A programmer responding to the nickname said, “jbetker” and who works OpenAI In June, he wrote an interesting post on his blog and it triggered him. A heated debate on XIn the meantime, we’ll have to consider stopping calling Elon Musk’s platform the “old Twitter” someday. It took several months, specifically five months, for the shockwave to reach fans. Artificial intelligenceBut a strong idea always fails with its own weight: the tweeter who posted this on the old bird network did it in five days several million answers. What did he say jbetker To begin with, it was because all the Masters (Big Language Models) that we interact with today and that allow us to explore the wonders of Generative AI arrive at the same endpoint, regardless of training strategies, which is a secondary factor. . These models create magic with dataIts creators are amazed at the capabilities they’ve achieved, even exceeding their expectations, but there’s nothing beyond this initial data. Artificial intelligence does not think the way we humans understand this thought; They’re stochastic parrots subject to chance: “a bitter lesson,” according to the tweeter who posted the comment. jbetker. Another X customer is still on the other side saying “nobody”: “So this means that a generative model can never move beyond the data it was trained on. So we will never get into a state of reasoning.”

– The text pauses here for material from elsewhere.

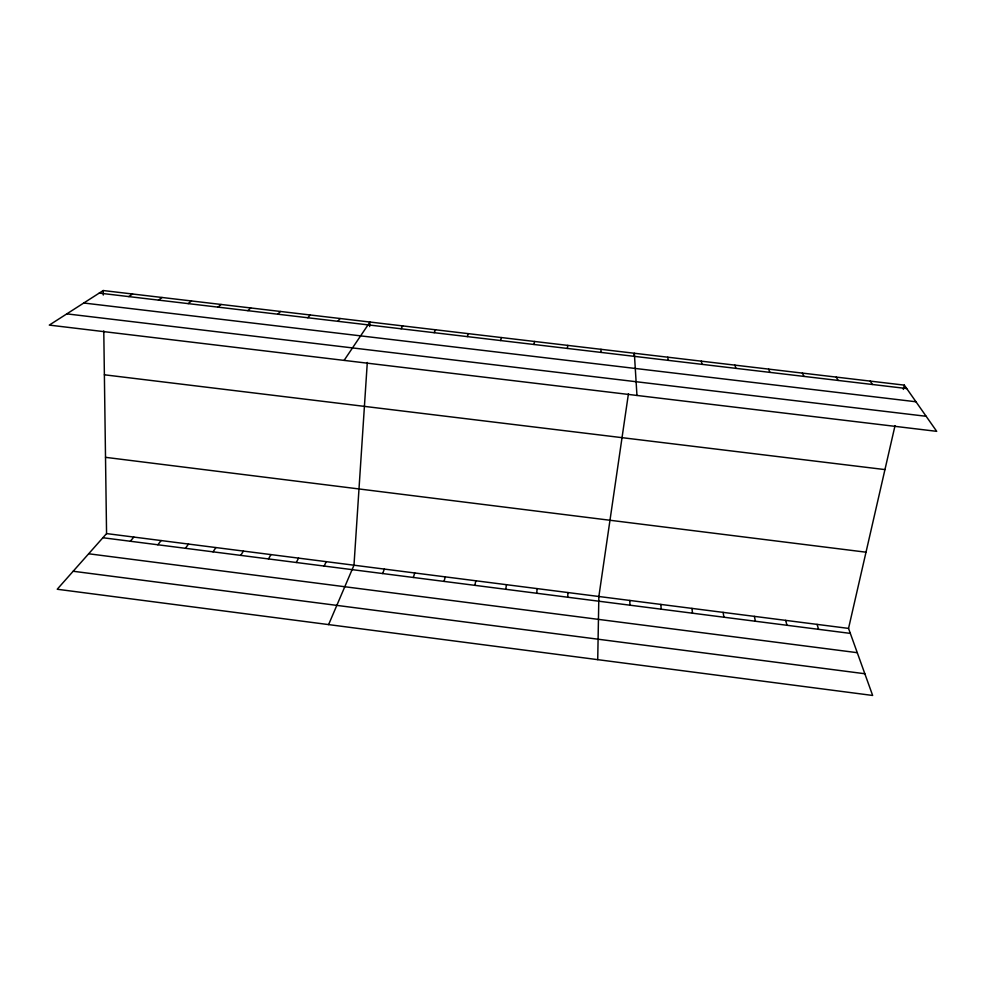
<?xml version="1.0" encoding="UTF-8"?>
<svg xmlns="http://www.w3.org/2000/svg" width="986" height="986" viewBox="0 0 986 986"><rect width="100%" height="100%" fill="white"/><g stroke="black" fill="none" stroke-linecap="round" stroke-linejoin="round"><path stroke-width="1.48" d="M597.726 659.646L598.859 596.493L628.439 393.722M600.918 352.396L600.992 349.315M367.297 362.466L353.986 565.212L328.609 624.594M369.651 326.551L369.947 322.028L344.089 360.395M567.677 597.22L567.998 592.549M567.381 348.44L567.726 345.383M536.655 593.252L537.197 588.617M633.899 356.266L634.343 353.247L636.956 395.46M505.707 589.295L506.484 584.698M533.944 344.484L534.548 341.464M474.833 585.339L475.831 580.779M103.776 330.926L106.562 533.586L57.213 589.246L872.647 695.463L848.539 628.402L895.029 425.632M903.336 389.421L904.322 385.132L103.222 290.537L49.3 325.097L936.7 431.338L904.322 385.132M444.045 581.407L445.265 576.872M500.592 340.54L501.455 337.557M413.319 577.476L414.761 572.977M382.667 573.556L384.343 569.082M467.315 336.608L468.449 333.662M324.16 566.063L326.255 561.663M434.136 332.689L435.541 329.78M296.281 562.501L298.585 558.125M268.475 558.939L270.965 554.6M401.043 328.769L402.707 325.898M240.72 555.389L243.419 551.075M213.025 551.84L215.922 547.563M185.405 548.302L188.499 544.062M337.89 321.313L340.034 318.503M157.834 544.777L161.125 540.562M130.325 541.252L133.813 537.074M307.805 317.751L310.183 314.978M277.793 314.201L280.418 311.453M247.856 310.664L250.703 307.952M217.992 307.139L221.074 304.452M188.19 303.614L191.506 300.964M158.463 300.101L162.012 297.476M128.809 296.601L132.58 294.001M99.229 293.101L906.713 388.546M83.761 303.01L915.982 401.77M66.814 313.868L926.15 416.289M104.38 374.791L884.947 469.595M105.514 457.331L866.016 552.197M106.562 533.586L848.539 628.402M102.877 537.74L850.339 633.394M88.666 553.775L857.265 652.683M73.161 571.251L864.833 673.746M870.256 381.101L872.376 384.478M836.288 377.096L838.125 380.436M802.407 373.09L803.972 376.393M768.624 369.109L769.906 372.375M817.061 624.385L818.614 629.339M734.915 365.128L735.926 368.357M785.657 620.367L786.976 625.284M701.305 361.159L702.032 364.352M754.339 616.361L755.424 621.254M723.095 612.368L723.934 617.224M667.781 357.203L668.237 360.358M691.925 608.387L692.529 613.206M660.83 604.418L661.212 609.2M629.808 600.449L629.955 605.194M103.222 290.537L103.283 295.048"/></g></svg>

Comment jbetker, who specifically worked on the development of OpenAI’s image generator DALL-E. This is a secondary consequence that can be expressed by slightly modifying that old Vainica Doble song: it’s all in the data. Or let’s look at Groucho Marx, who was right once again: Starting from nothing you can only reach the highest levels of misery. AI would be nothing without data, without the corpus of data as it is technically known, without the trillions of data that are the long version of human knowledge. It is therefore very surprising that the “new oil” of the fourth industrial revolution, as many people call this data, allows its owners to run the engine of Artificial Intelligence without giving even a single euro to the world’s altruistic donors. fuel.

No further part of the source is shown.